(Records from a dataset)
# # # #

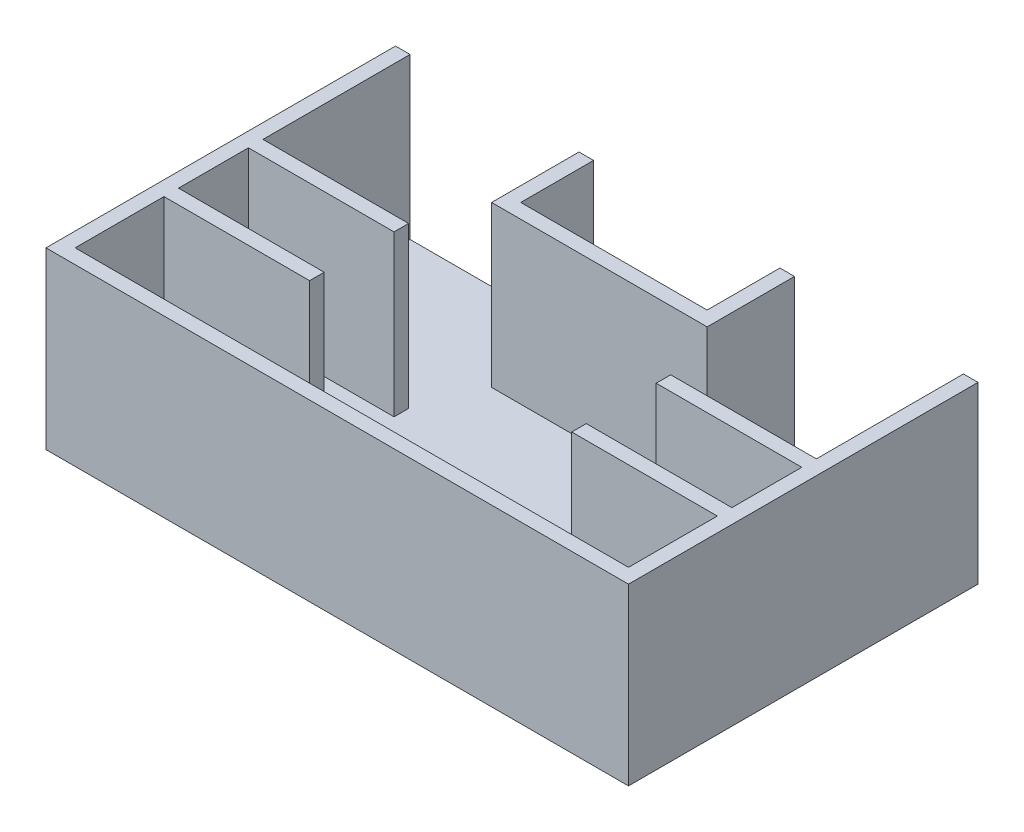
ISO-10303-21;
HEADER;
FILE_DESCRIPTION(('STEP AP214'),'2;1');
FILE_NAME('part.step','',(''),(''),'','','');
FILE_SCHEMA(('AUTOMOTIVE_DESIGN { 1 0 10303 214 1 1 1 1 }'));
ENDSEC;
DATA;
#1=APPLICATION_CONTEXT('core data for automotive mechanical design processes');
#2=APPLICATION_PROTOCOL_DEFINITION('international standard','automotive_design',2000,#1);
#3=PRODUCT_CONTEXT('',#1,'mechanical');
#4=PRODUCT('Part','Part','',(#3));
#5=PRODUCT_RELATED_PRODUCT_CATEGORY('part','',(#4));
#6=PRODUCT_DEFINITION_FORMATION('','',#4);
#7=PRODUCT_DEFINITION_CONTEXT('part definition',#1,'design');
#8=PRODUCT_DEFINITION('design','',#6,#7);
#9=PRODUCT_DEFINITION_SHAPE('','',#8);
#10=(LENGTH_UNIT() NAMED_UNIT(*) SI_UNIT(.MILLI.,.METRE.));
#11=(NAMED_UNIT(*) PLANE_ANGLE_UNIT() SI_UNIT($,.RADIAN.));
#12=(NAMED_UNIT(*) SI_UNIT($,.STERADIAN.) SOLID_ANGLE_UNIT());
#13=UNCERTAINTY_MEASURE_WITH_UNIT(LENGTH_MEASURE(1.E-05),#10,'distance_accuracy_value','');
#14=(GEOMETRIC_REPRESENTATION_CONTEXT(3) GLOBAL_UNCERTAINTY_ASSIGNED_CONTEXT((#13)) GLOBAL_UNIT_ASSIGNED_CONTEXT((#10,
#11,#12)) REPRESENTATION_CONTEXT('',''));
#15=CARTESIAN_POINT('',(0.,0.,0.));
#16=DIRECTION('',(0.,0.,1.));
#17=DIRECTION('',(1.,0.,0.));
#18=AXIS2_PLACEMENT_3D('',#15,#16,#17);
#19=CARTESIAN_POINT('',(0.,30.,0.));
#20=DIRECTION('',(0.,1.,0.));
#21=DIRECTION('',(0.,0.,1.));
#22=AXIS2_PLACEMENT_3D('',#19,#20,#21);
#23=PLANE('',#22);
#24=DIRECTION('',(1.,0.,0.));
#25=VECTOR('',#24,1.);
#26=CARTESIAN_POINT('',(-100.,30.,-10.));
#27=LINE('',#26,#25);
#28=CARTESIAN_POINT('',(-50.,30.,-10.));
#29=VERTEX_POINT('',#28);
#30=CARTESIAN_POINT('',(-47.5,30.,-10.));
#31=VERTEX_POINT('',#30);
#32=EDGE_CURVE('E260',#29,#31,#27,.T.);
#33=ORIENTED_EDGE('',*,*,#32,.F.);
#34=DIRECTION('',(0.,0.,1.));
#35=VECTOR('',#34,1.);
#36=CARTESIAN_POINT('',(-50.,30.,-50.));
#37=LINE('',#36,#35);
#38=CARTESIAN_POINT('',(-50.,30.,50.));
#39=VERTEX_POINT('',#38);
#40=EDGE_CURVE('E278',#29,#39,#37,.T.);
#41=ORIENTED_EDGE('',*,*,#40,.T.);
#42=DIRECTION('',(1.,0.,0.));
#43=VECTOR('',#42,1.);
#44=CARTESIAN_POINT('',(-50.,30.,50.));
#45=LINE('',#44,#43);
#46=CARTESIAN_POINT('',(50.,30.,50.));
#47=VERTEX_POINT('',#46);
#48=EDGE_CURVE('E273',#39,#47,#45,.T.);
#49=ORIENTED_EDGE('',*,*,#48,.T.);
#50=DIRECTION('',(0.,0.,-1.));
#51=VECTOR('',#50,1.);
#52=CARTESIAN_POINT('',(50.,30.,50.));
#53=LINE('',#52,#51);
#54=CARTESIAN_POINT('',(50.,30.,-10.));
#55=VERTEX_POINT('',#54);
#56=EDGE_CURVE('E266',#47,#55,#53,.T.);
#57=ORIENTED_EDGE('',*,*,#56,.T.);
#58=CARTESIAN_POINT('',(47.5,30.,-10.));
#59=VERTEX_POINT('',#58);
#60=EDGE_CURVE('E247',#59,#55,#27,.T.);
#61=ORIENTED_EDGE('',*,*,#60,.F.);
#62=DIRECTION('',(0.,0.,-1.));
#63=VECTOR('',#62,1.);
#64=CARTESIAN_POINT('',(47.5,30.,15.25));
#65=LINE('',#64,#63);
#66=CARTESIAN_POINT('',(47.5,30.,15.25));
#67=VERTEX_POINT('',#66);
#68=EDGE_CURVE('E380',#67,#59,#65,.T.);
#69=ORIENTED_EDGE('',*,*,#68,.F.);
#70=DIRECTION('',(1.,0.,0.));
#71=VECTOR('',#70,1.);
#72=CARTESIAN_POINT('',(47.5,30.,15.25));
#73=LINE('',#72,#71);
#74=CARTESIAN_POINT('',(22.5,30.,15.25));
#75=VERTEX_POINT('',#74);
#76=EDGE_CURVE('E494',#75,#67,#73,.T.);
#77=ORIENTED_EDGE('',*,*,#76,.F.);
#78=DIRECTION('',(0.,0.,-1.));
#79=VECTOR('',#78,1.);
#80=CARTESIAN_POINT('',(22.5,30.,15.25));
#81=LINE('',#80,#79);
#82=CARTESIAN_POINT('',(22.5,30.,17.75));
#83=VERTEX_POINT('',#82);
#84=EDGE_CURVE('E492',#83,#75,#81,.T.);
#85=ORIENTED_EDGE('',*,*,#84,.F.);
#86=DIRECTION('',(-1.,0.,0.));
#87=VECTOR('',#86,1.);
#88=CARTESIAN_POINT('',(47.5,30.,17.75));
#89=LINE('',#88,#87);
#90=CARTESIAN_POINT('',(47.5,30.,17.75));
#91=VERTEX_POINT('',#90);
#92=EDGE_CURVE('E490',#91,#83,#89,.T.);
#93=ORIENTED_EDGE('',*,*,#92,.F.);
#94=DIRECTION('',(0.,0.,-1.));
#95=VECTOR('',#94,1.);
#96=CARTESIAN_POINT('',(47.5,30.,29.75));
#97=LINE('',#96,#95);
#98=CARTESIAN_POINT('',(47.5,30.,29.75));
#99=VERTEX_POINT('',#98);
#100=EDGE_CURVE('E488',#99,#91,#97,.T.);
#101=ORIENTED_EDGE('',*,*,#100,.F.);
#102=DIRECTION('',(1.,0.,0.));
#103=VECTOR('',#102,1.);
#104=CARTESIAN_POINT('',(22.5,30.,29.75));
#105=LINE('',#104,#103);
#106=CARTESIAN_POINT('',(22.5,30.,29.75));
#107=VERTEX_POINT('',#106);
#108=EDGE_CURVE('E486',#107,#99,#105,.T.);
#109=ORIENTED_EDGE('',*,*,#108,.F.);
#110=DIRECTION('',(0.,0.,-1.));
#111=VECTOR('',#110,1.);
#112=CARTESIAN_POINT('',(22.5,30.,29.75));
#113=LINE('',#112,#111);
#114=CARTESIAN_POINT('',(22.5,30.,32.25));
#115=VERTEX_POINT('',#114);
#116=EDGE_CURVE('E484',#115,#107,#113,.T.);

# # # #

▶ _Goal of the exercise_:
Would you output all of the entries above exactly, keeping the pictures out?

▶ _Output of the exercise_:
ISO-10303-21;
HEADER;
FILE_DESCRIPTION(('STEP AP214'),'2;1');
FILE_NAME('part.step','',(''),(''),'','','');
FILE_SCHEMA(('AUTOMOTIVE_DESIGN { 1 0 10303 214 1 1 1 1 }'));
ENDSEC;
DATA;
#1=APPLICATION_CONTEXT('core data for automotive mechanical design processes');
#2=APPLICATION_PROTOCOL_DEFINITION('international standard','automotive_design',2000,#1);
#3=PRODUCT_CONTEXT('',#1,'mechanical');
#4=PRODUCT('Part','Part','',(#3));
#5=PRODUCT_RELATED_PRODUCT_CATEGORY('part','',(#4));
#6=PRODUCT_DEFINITION_FORMATION('','',#4);
#7=PRODUCT_DEFINITION_CONTEXT('part definition',#1,'design');
#8=PRODUCT_DEFINITION('design','',#6,#7);
#9=PRODUCT_DEFINITION_SHAPE('','',#8);
#10=(LENGTH_UNIT() NAMED_UNIT(*) SI_UNIT(.MILLI.,.METRE.));
#11=(NAMED_UNIT(*) PLANE_ANGLE_UNIT() SI_UNIT($,.RADIAN.));
#12=(NAMED_UNIT(*) SI_UNIT($,.STERADIAN.) SOLID_ANGLE_UNIT());
#13=UNCERTAINTY_MEASURE_WITH_UNIT(LENGTH_MEASURE(1.E-05),#10,'distance_accuracy_value','');
#14=(GEOMETRIC_REPRESENTATION_CONTEXT(3) GLOBAL_UNCERTAINTY_ASSIGNED_CONTEXT((#13)) GLOBAL_UNIT_ASSIGNED_CONTEXT((#10,
#11,#12)) REPRESENTATION_CONTEXT('',''));
#15=CARTESIAN_POINT('',(0.,0.,0.));
#16=DIRECTION('',(0.,0.,1.));
#17=DIRECTION('',(1.,0.,0.));
#18=AXIS2_PLACEMENT_3D('',#15,#16,#17);
#19=CARTESIAN_POINT('',(0.,30.,0.));
#20=DIRECTION('',(0.,1.,0.));
#21=DIRECTION('',(0.,0.,1.));
#22=AXIS2_PLACEMENT_3D('',#19,#20,#21);
#23=PLANE('',#22);
#24=DIRECTION('',(1.,0.,0.));
#25=VECTOR('',#24,1.);
#26=CARTESIAN_POINT('',(-100.,30.,-10.));
#27=LINE('',#26,#25);
#28=CARTESIAN_POINT('',(-50.,30.,-10.));
#29=VERTEX_POINT('',#28);
#30=CARTESIAN_POINT('',(-47.5,30.,-10.));
#31=VERTEX_POINT('',#30);
#32=EDGE_CURVE('E260',#29,#31,#27,.T.);
#33=ORIENTED_EDGE('',*,*,#32,.F.);
#34=DIRECTION('',(0.,0.,1.));
#35=VECTOR('',#34,1.);
#36=CARTESIAN_POINT('',(-50.,30.,-50.));
#37=LINE('',#36,#35);
#38=CARTESIAN_POINT('',(-50.,30.,50.));
#39=VERTEX_POINT('',#38);
#40=EDGE_CURVE('E278',#29,#39,#37,.T.);
#41=ORIENTED_EDGE('',*,*,#40,.T.);
#42=DIRECTION('',(1.,0.,0.));
#43=VECTOR('',#42,1.);
#44=CARTESIAN_POINT('',(-50.,30.,50.));
#45=LINE('',#44,#43);
#46=CARTESIAN_POINT('',(50.,30.,50.));
#47=VERTEX_POINT('',#46);
#48=EDGE_CURVE('E273',#39,#47,#45,.T.);
#49=ORIENTED_EDGE('',*,*,#48,.T.);
#50=DIRECTION('',(0.,0.,-1.));
#51=VECTOR('',#50,1.);
#52=CARTESIAN_POINT('',(50.,30.,50.));
#53=LINE('',#52,#51);
#54=CARTESIAN_POINT('',(50.,30.,-10.));
#55=VERTEX_POINT('',#54);
#56=EDGE_CURVE('E266',#47,#55,#53,.T.);
#57=ORIENTED_EDGE('',*,*,#56,.T.);
#58=CARTESIAN_POINT('',(47.5,30.,-10.));
#59=VERTEX_POINT('',#58);
#60=EDGE_CURVE('E247',#59,#55,#27,.T.);
#61=ORIENTED_EDGE('',*,*,#60,.F.);
#62=DIRECTION('',(0.,0.,-1.));
#63=VECTOR('',#62,1.);
#64=CARTESIAN_POINT('',(47.5,30.,15.25));
#65=LINE('',#64,#63);
#66=CARTESIAN_POINT('',(47.5,30.,15.25));
#67=VERTEX_POINT('',#66);
#68=EDGE_CURVE('E380',#67,#59,#65,.T.);
#69=ORIENTED_EDGE('',*,*,#68,.F.);
#70=DIRECTION('',(1.,0.,0.));
#71=VECTOR('',#70,1.);
#72=CARTESIAN_POINT('',(47.5,30.,15.25));
#73=LINE('',#72,#71);
#74=CARTESIAN_POINT('',(22.5,30.,15.25));
#75=VERTEX_POINT('',#74);
#76=EDGE_CURVE('E494',#75,#67,#73,.T.);
#77=ORIENTED_EDGE('',*,*,#76,.F.);
#78=DIRECTION('',(0.,0.,-1.));
#79=VECTOR('',#78,1.);
#80=CARTESIAN_POINT('',(22.5,30.,15.25));
#81=LINE('',#80,#79);
#82=CARTESIAN_POINT('',(22.5,30.,17.75));
#83=VERTEX_POINT('',#82);
#84=EDGE_CURVE('E492',#83,#75,#81,.T.);
#85=ORIENTED_EDGE('',*,*,#84,.F.);
#86=DIRECTION('',(-1.,0.,0.));
#87=VECTOR('',#86,1.);
#88=CARTESIAN_POINT('',(47.5,30.,17.75));
#89=LINE('',#88,#87);
#90=CARTESIAN_POINT('',(47.5,30.,17.75));
#91=VERTEX_POINT('',#90);
#92=EDGE_CURVE('E490',#91,#83,#89,.T.);
#93=ORIENTED_EDGE('',*,*,#92,.F.);
#94=DIRECTION('',(0.,0.,-1.));
#95=VECTOR('',#94,1.);
#96=CARTESIAN_POINT('',(47.5,30.,29.75));
#97=LINE('',#96,#95);
#98=CARTESIAN_POINT('',(47.5,30.,29.75));
#99=VERTEX_POINT('',#98);
#100=EDGE_CURVE('E488',#99,#91,#97,.T.);
#101=ORIENTED_EDGE('',*,*,#100,.F.);
#102=DIRECTION('',(1.,0.,0.));
#103=VECTOR('',#102,1.);
#104=CARTESIAN_POINT('',(22.5,30.,29.75));
#105=LINE('',#104,#103);
#106=CARTESIAN_POINT('',(22.5,30.,29.75));
#107=VERTEX_POINT('',#106);
#108=EDGE_CURVE('E486',#107,#99,#105,.T.);
#109=ORIENTED_EDGE('',*,*,#108,.F.);
#110=DIRECTION('',(0.,0.,-1.));
#111=VECTOR('',#110,1.);
#112=CARTESIAN_POINT('',(22.5,30.,29.75));
#113=LINE('',#112,#111);
#114=CARTESIAN_POINT('',(22.5,30.,32.25));
#115=VERTEX_POINT('',#114);
#116=EDGE_CURVE('E484',#115,#107,#113,.T.);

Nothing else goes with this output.